The first step during the procedure is identification and differentiation of cancerous lesions from noncancerous lesions in vivo using high-quality images acquired and analyzed in real time. The image acquisition rate in our study (78.2%) was highly efficient and it was in line with a large multicenter study conducted by Mori et al (83.6%).[17] This parameter is important in the context that unless a high-quality EC image is acquired, EndoBRAIN does not give us an output. The image acquisition was difficult in diminutive polyps at high magnification because minimal movement at the time of freezing the image can lead to false results. Images were also difficult to obtain polyps located in traditionally difficult locations like hepatic and splenic flexure. Better bowel preparation, higher procedure volumes, and strategies such as examining the polyp at 12'0 clock position are few ways to improve the image acquisition in our experience.

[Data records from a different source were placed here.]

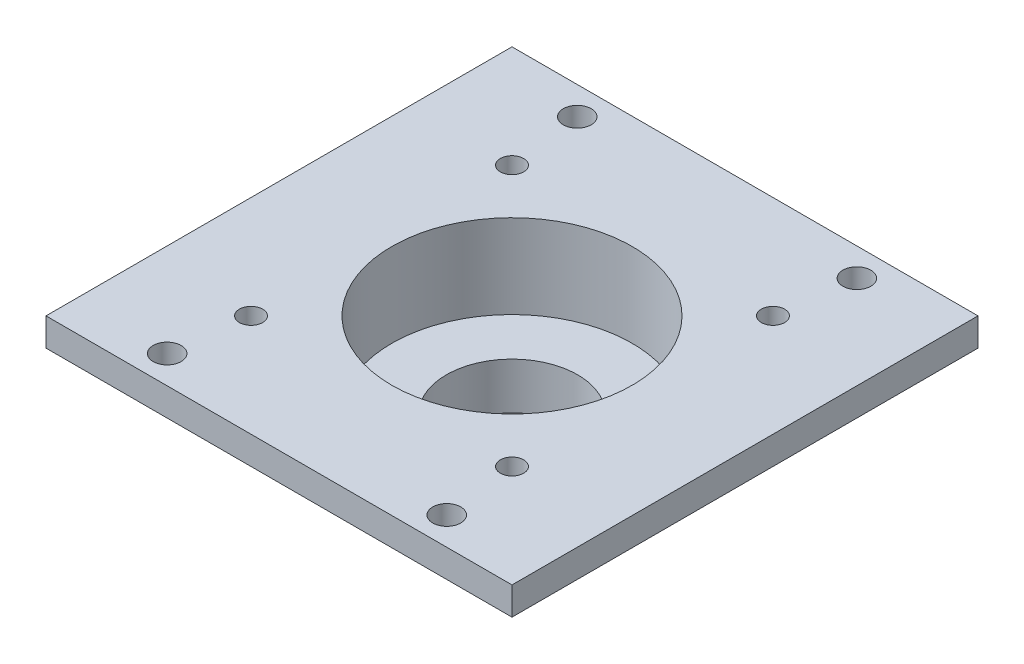
from build123d import *

# Parameters (mm, degrees)
BOSS_EXTRUDE1_START = -3
SKETCH3_W           = 50
SKETCH3_H           = 50
SKETCH3_R           = 14.9
BOSS_EXTRUDE1_DEPTH = 3
SKETCH4_R           = 1.25
SKETCH4_R_2         = 1.5
CUT_EXTRUDE1_DEPTH  = 39.026306684
FILLET1_R           = 2


with BuildPart() as part:
    # Sketch2 → Revolve-Thin1 (revolve)
    with BuildSketch(Plane.XY, mode=Mode.PRIVATE) as revolve_thin1_sk:
        Polygon((7.05, 0), (7.05, 5), (12.9, 5), (12.9, 14), (14.9, 14), (14.9, 3), (9.05, 3), (9.05, 0), align=None)
    revolve(revolve_thin1_sk.sketch.rotate(Axis((0, 56.528570812, 0), (0, -1, 0)), 90), axis=Axis((0, 56.528570812, 0), (0, -1, 0)))

    # Sketch3 → Boss-Extrude1 (add)
    with BuildSketch(Plane(origin=(0, 14, 0), x_dir=(1, 0, 0), z_dir=(0, 1, 0)).offset(BOSS_EXTRUDE1_START)):
        Rectangle(SKETCH3_W, SKETCH3_H)
        with Locations(Location((0, 0, 0), (0, 0, 270))):
            Circle(SKETCH3_R, mode=Mode.SUBTRACT)
    extrude(amount=BOSS_EXTRUDE1_DEPTH)

    # Sketch4 → Cut-Extrude1 (cut, through all)
    with BuildSketch(Plane(origin=(0, 14, 0), x_dir=(1, 0, 0), z_dir=(0, 1, 0))):
        with Locations(Location((14, 14, 0), (0, 0, 270))):
            Circle(SKETCH4_R)
        with Locations(Location((-14, 14, 0), (0, 0, 270))):
            Circle(SKETCH4_R)
        with Locations(Location((-14, -14, 0), (0, 0, 270))):
            Circle(SKETCH4_R)
        with Locations(Location((14, -14, 0), (0, 0, 270))):
            Circle(SKETCH4_R)
        with Locations(Location((-15, 22, 0), (0, 0, 270))):
            Circle(SKETCH4_R_2)
        with Locations(Location((15, 22, 0), (0, 0, 270))):
            Circle(SKETCH4_R_2)
        with Locations(Location((15, -22, 0), (0, 0, 270))):
            Circle(SKETCH4_R_2)
        with Locations(Location((-15, -22, 0), (0, 0, 270))):
            Circle(SKETCH4_R_2)
    extrude(amount=-CUT_EXTRUDE1_DEPTH, mode=Mode.SUBTRACT)

    # Fillet1
    fillet1_edges = [part.edges().sort_by_distance(p)[0] for p in [
        (0, 11, -14.9),
    ]]
    fillet(fillet1_edges, radius=FILLET1_R)


solid = part.part
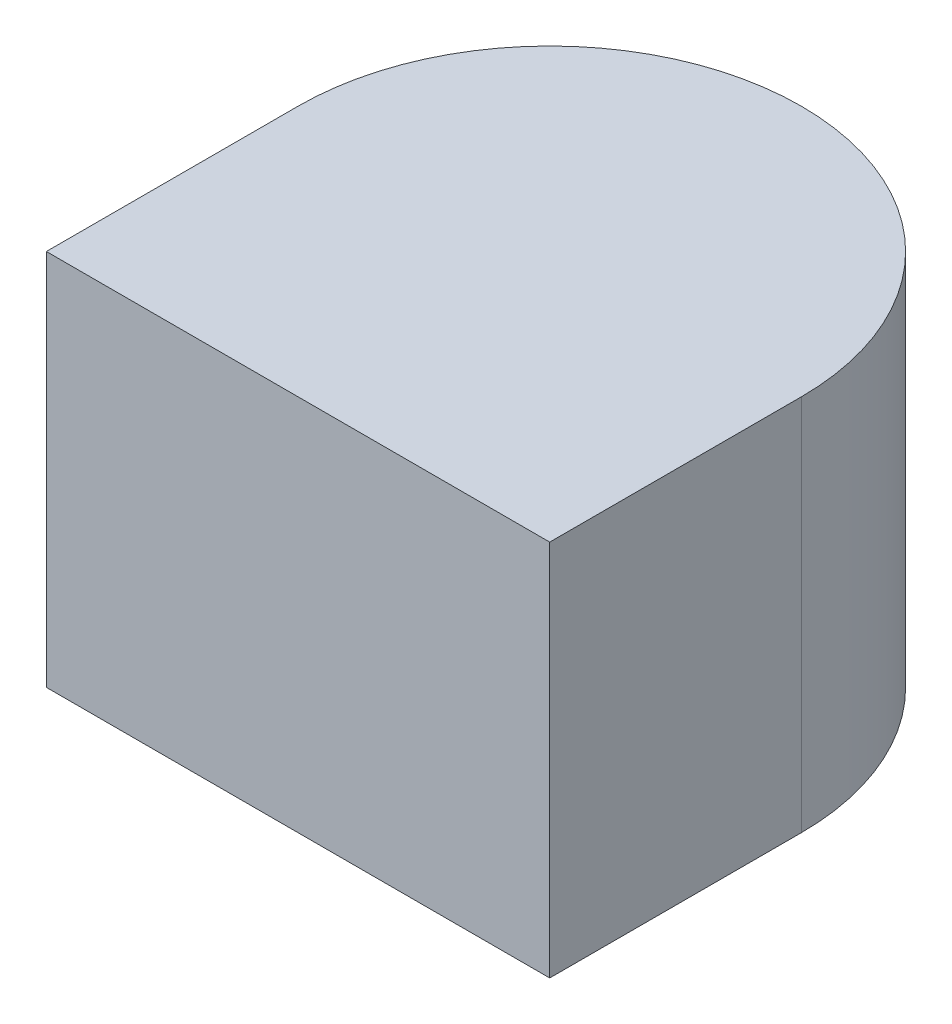
from build123d import *

# Parameters (mm, degrees)
BOSS_EXTRUDE1_DEPTH = 15


with BuildPart() as part:
    # Sketch1 → Boss-Extrude1 (new body)
    with BuildSketch(Plane(origin=(0, 0, 0), x_dir=(1, 0, 0), z_dir=(0, 1, 0))):
        with BuildLine():
            ThreePointArc((10, -10), (7.071067812, -2.928932188), (0, 0))
            Line((0, 0), (0, -20))
            Line((0, -20), (10, -20))
            Line((10, -20), (10, -10))
        make_face()
        with BuildLine():
            Line((0, -20), (0, 0))
            ThreePointArc((0, 0), (-7.071067812, -2.928932188), (-10, -10))
            Line((-10, -10), (-10, -20))
            Line((-10, -20), (0, -20))
        make_face()
    extrude(amount=BOSS_EXTRUDE1_DEPTH)


solid = part.part
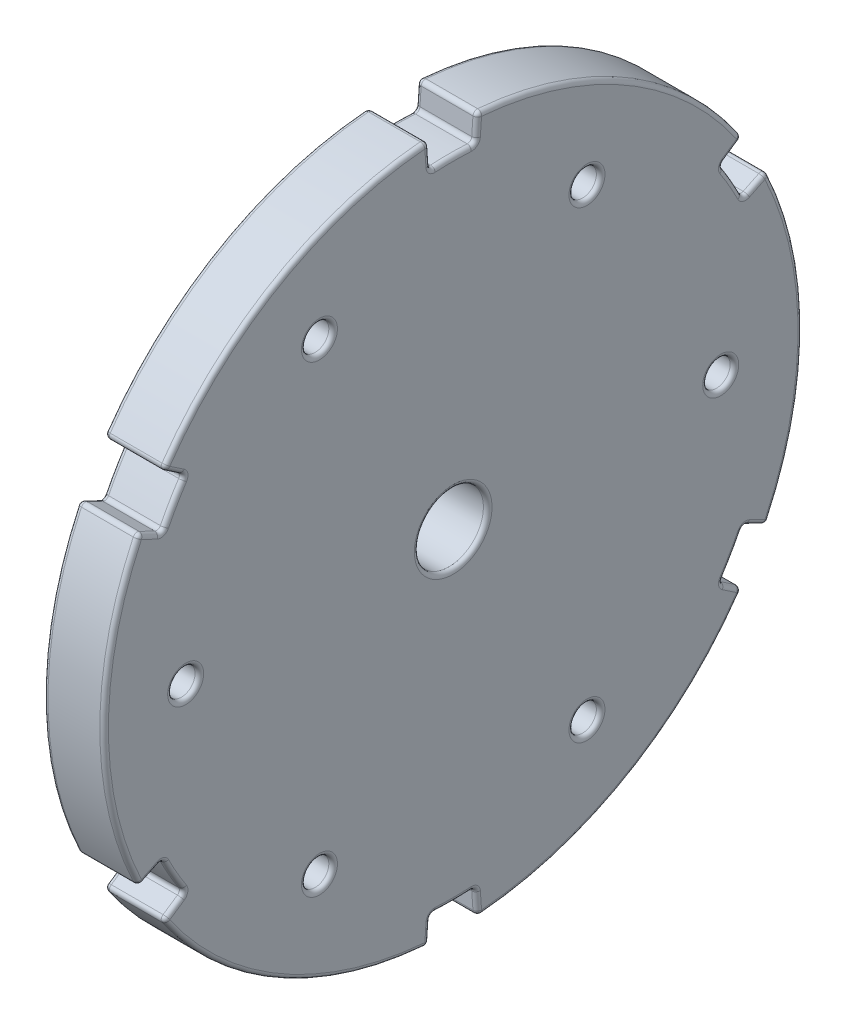
from build123d import *

# Parameters (mm, degrees)
SKETCH1_W          = 7
SKETCH1_H          = 40.45
CUT_EXTRUDE1_REACH = 59.632
SKETCH2_R          = 1.5875
SKETCH3_R          = 2.325
CUT_EXTRUDE2_DEPTH = 2.8575
CIRPATTERN1_COUNT  = 6
CUT_EXTRUDE3_REACH = 59.632
SKETCH4_R          = 4
CUT_EXTRUDE4_REACH = 59.632
CIRPATTERN2_COUNT  = 6
FILLET1_R          = 0.5


with BuildPart() as part:
    # Sketch1 → Revolve1 (revolve)
    with BuildSketch(Plane.XY, mode=Mode.PRIVATE) as revolve1_sk:
        with Locations((3.5, 20.225)):
            Rectangle(SKETCH1_W, SKETCH1_H)
    revolve(revolve1_sk.sketch.rotate(Axis((0, 0, 0), (1, 0, 0)), 90), axis=Axis((0, 0, 0), (1, 0, 0)))

    # Sketch2 → Cut-Extrude1 (cut, up to next)
    with BuildSketch(Plane(origin=(7, 0, 0), x_dir=(0, 0, -1), z_dir=(1, 0, 0)), mode=Mode.PRIVATE) as cut_extrude1_sk1:
        with Locations((-31, 0)):
            Circle(SKETCH2_R)
    cut_extrude1_tool1 = extrude(cut_extrude1_sk1.sketch, amount=-CUT_EXTRUDE1_REACH, mode=Mode.PRIVATE) & part.part
    # Sketch2 → Cut-Extrude1 (cut, up to next)
    with BuildSketch(Plane(origin=(7, 0, 0), x_dir=(0, 0, -1), z_dir=(1, 0, 0)), mode=Mode.PRIVATE) as cut_extrude1_sk2:
        with Locations((-15.5, 26.846787517)):
            Circle(SKETCH2_R)
    cut_extrude1_tool2 = extrude(cut_extrude1_sk2.sketch, amount=-CUT_EXTRUDE1_REACH, mode=Mode.PRIVATE) & part.part
    # Sketch2 → Cut-Extrude1 (cut, up to next)
    with BuildSketch(Plane(origin=(7, 0, 0), x_dir=(0, 0, -1), z_dir=(1, 0, 0)), mode=Mode.PRIVATE) as cut_extrude1_sk3:
        with Locations((15.5, 26.846787517)):
            Circle(SKETCH2_R)
    cut_extrude1_tool3 = extrude(cut_extrude1_sk3.sketch, amount=-CUT_EXTRUDE1_REACH, mode=Mode.PRIVATE) & part.part
    # Sketch2 → Cut-Extrude1 (cut, up to next)
    with BuildSketch(Plane(origin=(7, 0, 0), x_dir=(0, 0, -1), z_dir=(1, 0, 0)), mode=Mode.PRIVATE) as cut_extrude1_sk4:
        with Locations((31, 0)):
            Circle(SKETCH2_R)
    cut_extrude1_tool4 = extrude(cut_extrude1_sk4.sketch, amount=-CUT_EXTRUDE1_REACH, mode=Mode.PRIVATE) & part.part
    # Sketch2 → Cut-Extrude1 (cut, up to next)
    with BuildSketch(Plane(origin=(7, 0, 0), x_dir=(0, 0, -1), z_dir=(1, 0, 0)), mode=Mode.PRIVATE) as cut_extrude1_sk5:
        with Locations((15.5, -26.846787517)):
            Circle(SKETCH2_R)
    cut_extrude1_tool5 = extrude(cut_extrude1_sk5.sketch, amount=-CUT_EXTRUDE1_REACH, mode=Mode.PRIVATE) & part.part
    # Sketch2 → Cut-Extrude1 (cut, up to next)
    with BuildSketch(Plane(origin=(7, 0, 0), x_dir=(0, 0, -1), z_dir=(1, 0, 0)), mode=Mode.PRIVATE) as cut_extrude1_sk6:
        with Locations((-15.5, -26.846787517)):
            Circle(SKETCH2_R)
    cut_extrude1_tool6 = extrude(cut_extrude1_sk6.sketch, amount=-CUT_EXTRUDE1_REACH, mode=Mode.PRIVATE) & part.part
    add(cut_extrude1_tool1.solids().sort_by_distance((7, 0, 31))[0], mode=Mode.SUBTRACT)
    add(cut_extrude1_tool2.solids().sort_by_distance((7, 26.846788, 15.5))[0], mode=Mode.SUBTRACT)
    add(cut_extrude1_tool3.solids().sort_by_distance((7, 26.846788, -15.5))[0], mode=Mode.SUBTRACT)
    add(cut_extrude1_tool4.solids().sort_by_distance((7, 0, -31))[0], mode=Mode.SUBTRACT)
    add(cut_extrude1_tool5.solids().sort_by_distance((7, -26.846788, -15.5))[0], mode=Mode.SUBTRACT)
    add(cut_extrude1_tool6.solids().sort_by_distance((7, -26.846788, 15.5))[0], mode=Mode.SUBTRACT)

    # Sketch3 → Cut-Extrude2 (cut)
    with BuildSketch(Plane(origin=(0, 0, 0), x_dir=(0, 0, -1), z_dir=(1, 0, 0))):
        with Locations((15.5, 26.846787517)):
            Circle(SKETCH3_R)
    cut_extrude2 = extrude(amount=CUT_EXTRUDE2_DEPTH, mode=Mode.SUBTRACT)

    # CirPattern1: Cut-Extrude2 ×6 about axis
    cirpattern1_axis = Axis((0, 0, 0), (1, 0, 0))
    for i in range(1, CIRPATTERN1_COUNT):
        add(cut_extrude2.rotate(cirpattern1_axis, i * 360 / CIRPATTERN1_COUNT), mode=Mode.SUBTRACT)

    # Sketch4 → Cut-Extrude3 (cut, up to next)
    with BuildSketch(Plane(origin=(7, 0, 0), x_dir=(0, 0, -1), z_dir=(1, 0, 0)), mode=Mode.PRIVATE) as cut_extrude3_sk1:
        Circle(SKETCH4_R)
    cut_extrude3_tool1 = extrude(cut_extrude3_sk1.sketch, amount=-CUT_EXTRUDE3_REACH, mode=Mode.PRIVATE) & part.part
    add(cut_extrude3_tool1.solids().sort_by_distance((7, 0, 0))[0], mode=Mode.SUBTRACT)

    # Sketch5 → Cut-Extrude4 (cut, up to next)
    with BuildSketch(Plane(origin=(7, 0, 0), x_dir=(0, 0, -1), z_dir=(1, 0, 0)), mode=Mode.PRIVATE) as cut_extrude4_sk1:
        with BuildLine():
            Line((-2.821649363, 40.351465833), (-2.611868927, 37.351465833))
            ThreePointArc((-2.611868927, 37.351465833), (0, 37.442674306), (2.611868927, 37.351465833))
            Line((2.611868927, 37.351465833), (2.821649363, 40.351465833))
            ThreePointArc((2.821649363, 40.351465833), (0, 40.45), (-2.821649363, 40.351465833))
        make_face()
    cut_extrude4_tool1 = extrude(cut_extrude4_sk1.sketch, amount=-CUT_EXTRUDE4_REACH, mode=Mode.PRIVATE) & part.part
    cut_extrude4 = cut_extrude4_tool1.solids().sort_by_distance((7, 38.934044, 0))[0]
    add(cut_extrude4, mode=Mode.SUBTRACT)

    # CirPattern2: Cut-Extrude4 ×6 about axis
    cirpattern2_axis = Axis((0, 0, 0), (1, 0, 0))
    for i in range(1, CIRPATTERN2_COUNT):
        add(cut_extrude4.rotate(cirpattern2_axis, i * 360 / CIRPATTERN2_COUNT), mode=Mode.SUBTRACT)

    # Fillet1
    fillet1_edges = [part.edges().sort_by_distance(p)[0] for p in [
        (0, 0, -40.45),
        (0, -35.030727583, -20.225),
        (0, -35.030727583, 20.225),
        (0, 0, 40.45),
        (0, 35.030727583, 20.225),
        (3.5, 17.732112888, 36.356219173),
        (3.5, 22.619352945, 33.53456981),
        (3.5, 20.937677759, 31.041383816),
        (3.5, 16.413788074, 33.653252744),
        (7, 17.072950481, 35.004735958),
        (7, 18.721337153, 32.426307134),
        (7, 21.778515352, 32.287976813),
        (0, 21.778515352, 32.287976813),
        (0, 18.721337153, 32.426307134),
        (0, 17.072950481, 35.004735958),
        (3.5, -22.619352945, 33.53456981),
        (3.5, -17.732112888, 36.356219173),
        (3.5, -16.413788074, 33.653252744),
        (3.5, -20.937677759, 31.041383816),
        (7, -21.778515352, 32.287976813),
        (7, -18.721337153, 32.426307134),
        (7, -17.072950481, 35.004735958),
        (0, -17.072950481, 35.004735958),
        (0, -18.721337153, 32.426307134),
        (0, -21.778515352, 32.287976813),
        (3.5, -40.351465833, -2.821649363),
        (3.5, -40.351465833, 2.821649363),
        (3.5, -37.351465833, 2.611868927),
        (3.5, -37.351465833, -2.611868927),
        (7, -38.851465833, -2.716759145),
        (7, -37.442674306, 0),
        (7, -38.851465833, 2.716759145),
        (0, -38.851465833, 2.716759145),
        (0, -37.442674306, 0),
        (0, -38.851465833, -2.716759145),
        (3.5, -17.732112888, -36.356219173),
        (3.5, -22.619352945, -33.53456981),
        (3.5, -20.937677759, -31.041383816),
        (3.5, -16.413788074, -33.653252744),
        (7, -17.072950481, -35.004735958),
        (7, -18.721337153, -32.426307134),
        (7, -21.778515352, -32.287976813),
        (0, -21.778515352, -32.287976813),
        (0, -18.721337153, -32.426307134),
        (0, -17.072950481, -35.004735958),
        (3.5, 22.619352945, -33.53456981),
        (3.5, 17.732112888, -36.356219173),
        (3.5, 16.413788074, -33.653252744),
        (3.5, 20.937677759, -31.041383816),
        (7, 21.778515352, -32.287976813),
        (7, 18.721337153, -32.426307134),
        (7, 17.072950481, -35.004735958),
        (0, 17.072950481, -35.004735958),
        (0, 18.721337153, -32.426307134),
        (0, 21.778515352, -32.287976813),
        (7, 0, 32.5875),
        (7, -26.846787517, 17.0875),
        (7, -26.846787517, -13.9125),
        (7, 0, -29.4125),
        (7, 26.846787517, -13.9125),
        (7, 26.846787517, 17.0875),
        (2.8575, 26.846787517, -13.9125),
        (0, 26.846787517, -13.175),
        (2.8575, 0, -29.4125),
        (0, 2.013509064, -29.8375),
        (2.8575, -26.846787517, -13.9125),
        (0, -24.833278454, -16.6625),
        (2.8575, -26.846787517, 17.0875),
        (0, -26.846787517, 13.175),
        (2.8575, 0, 32.5875),
        (0, -2.013509064, 29.8375),
        (2.8575, 26.846787517, 17.0875),
        (0, 24.833278454, 16.6625),
        (7, 0, 4),
        (0, 0, 4),
        (7, 35.030727583, -20.225),
        (0, 35.030727583, -20.225),
        (3.5, 40.351465833, 2.821649363),
        (3.5, 40.351465833, -2.821649363),
        (3.5, 37.351465833, -2.611868927),
        (3.5, 37.351465833, 2.611868927),
        (7, 38.851465833, 2.716759145),
        (7, 37.442674306, 0),
        (7, 38.851465833, -2.716759145),
        (0, 38.851465833, -2.716759145),
        (0, 37.442674306, 0),
        (0, 38.851465833, 2.716759145),
        (7, 0, -40.45),
        (7, -35.030727583, -20.225),
        (7, -35.030727583, 20.225),
        (7, 0, 40.45),
        (7, 35.030727583, 20.225),
    ]]
    fillet(fillet1_edges, radius=FILLET1_R)


solid = part.part
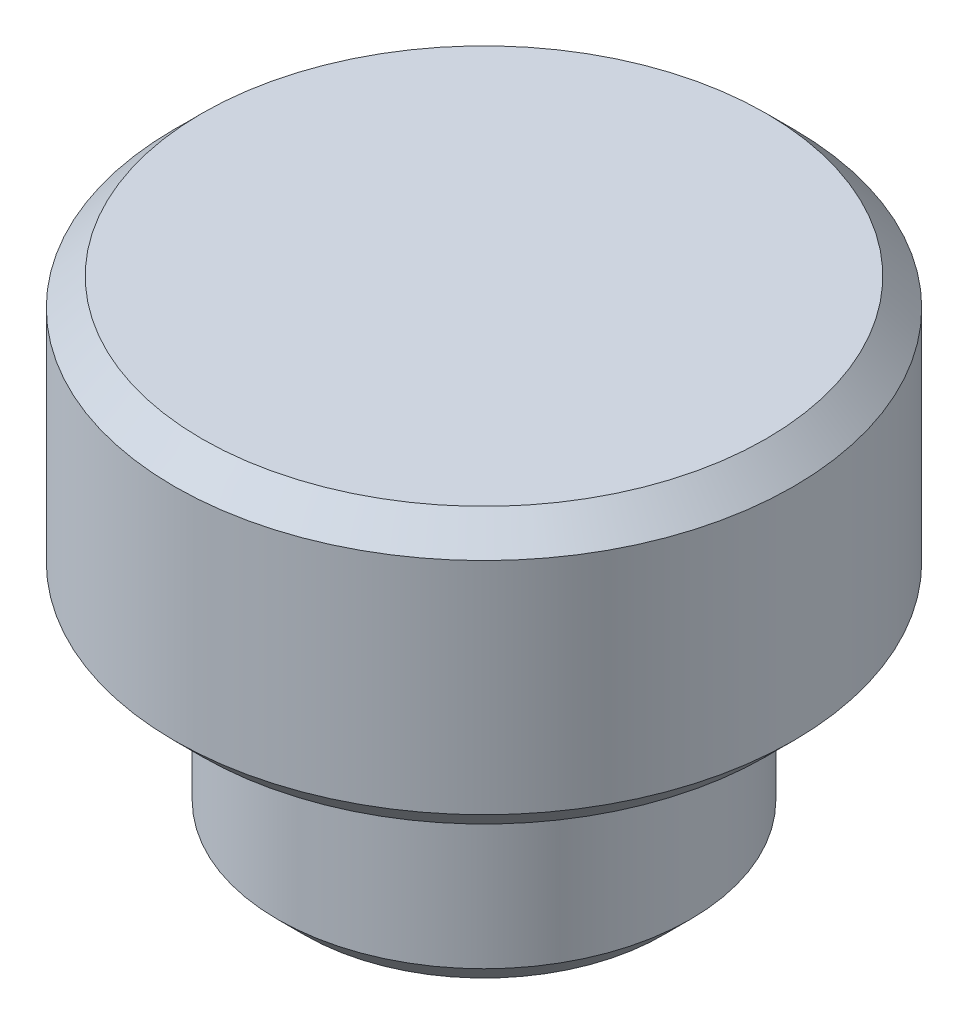
from build123d import *

# Parameters (mm, degrees)
SKETCH_1_R      = 3
EXTRUDE_1_DEPTH = 3
SKETCH_2_R      = 4.5
EXTRUDE_2_DEPTH = 4
CHAMFER_1_SIZE  = 0.4


with BuildPart() as part:
    # 草图1 → 凸台-拉伸1 (new body)
    with BuildSketch(Plane(origin=(0, 0, 0), x_dir=(1, 0, 0), z_dir=(0, 1, 0))):
        with Locations(Location((0, 0, 0), (0, 0, 270))):
            Circle(SKETCH_1_R)
    extrude(amount=EXTRUDE_1_DEPTH)

    # 草图2 → 凸台-拉伸2 (add)
    with BuildSketch(Plane(origin=(0, 3, 0), x_dir=(1, 0, 0), z_dir=(0, 1, 0))):
        with Locations(Location((0, 0, 0), (0, 0, 270))):
            Circle(SKETCH_2_R)
    extrude(amount=EXTRUDE_2_DEPTH)

    # 倒角1
    chamfer_1_edges = [part.edges().sort_by_distance(p)[0] for p in [
        (0, 0, -3),
        (0, 3, -3),
        (0, 3, -4.5),
        (0, 7, -4.5),
    ]]
    chamfer(chamfer_1_edges, length=CHAMFER_1_SIZE)


solid = part.part

Study by Mori et al is one of the most significant and the first benchmark study ever conducted using EndoBRAIN to clarify the value of an AI-assisted colonoscopy system in identifying cancerous lesions under the strictly controlled environment.[17] Another important parameter to be considered as a benchmark for optical diagnosis in adoption of AI systems as a clinical decision support device for diminutive polyp management is PIVI thresholds. Higher the accuracy of optical polyp diagnosis, higher will be the PIVI acceptance. Based on the PIVI threshold, anyone of the paradigm will be opted in the end clinically—“resect and discard” or “leave in situ.” In the present study, the accuracy rate of EndoBRAIN was 90.7%, exceeding the initiative threshold of more than 90% for the “resect and discard” strategy as proposed by the American Society for Gastrointestinal Endoscopy.[4] Diagnostic accuracy reports of our study (90.7%) were observed to be similar to the reports obtained from Misawa et al[6] (87.8%) and Shin et al.[14] In our study, an improvement in accuracy of EndoBRAIN (90.7%) over endoscopist (86.05%) was also observed to be same as Jin et al where the use of CADx has improved the overall accuracy of optical polyp diagnosis from 82.5 to 88.5% (p < 0.05).[18] With advancement of technology like this, many nonexpert endoscopists around the world can now easily achieve accuracy levels sufficient to meet the PIVI threshold.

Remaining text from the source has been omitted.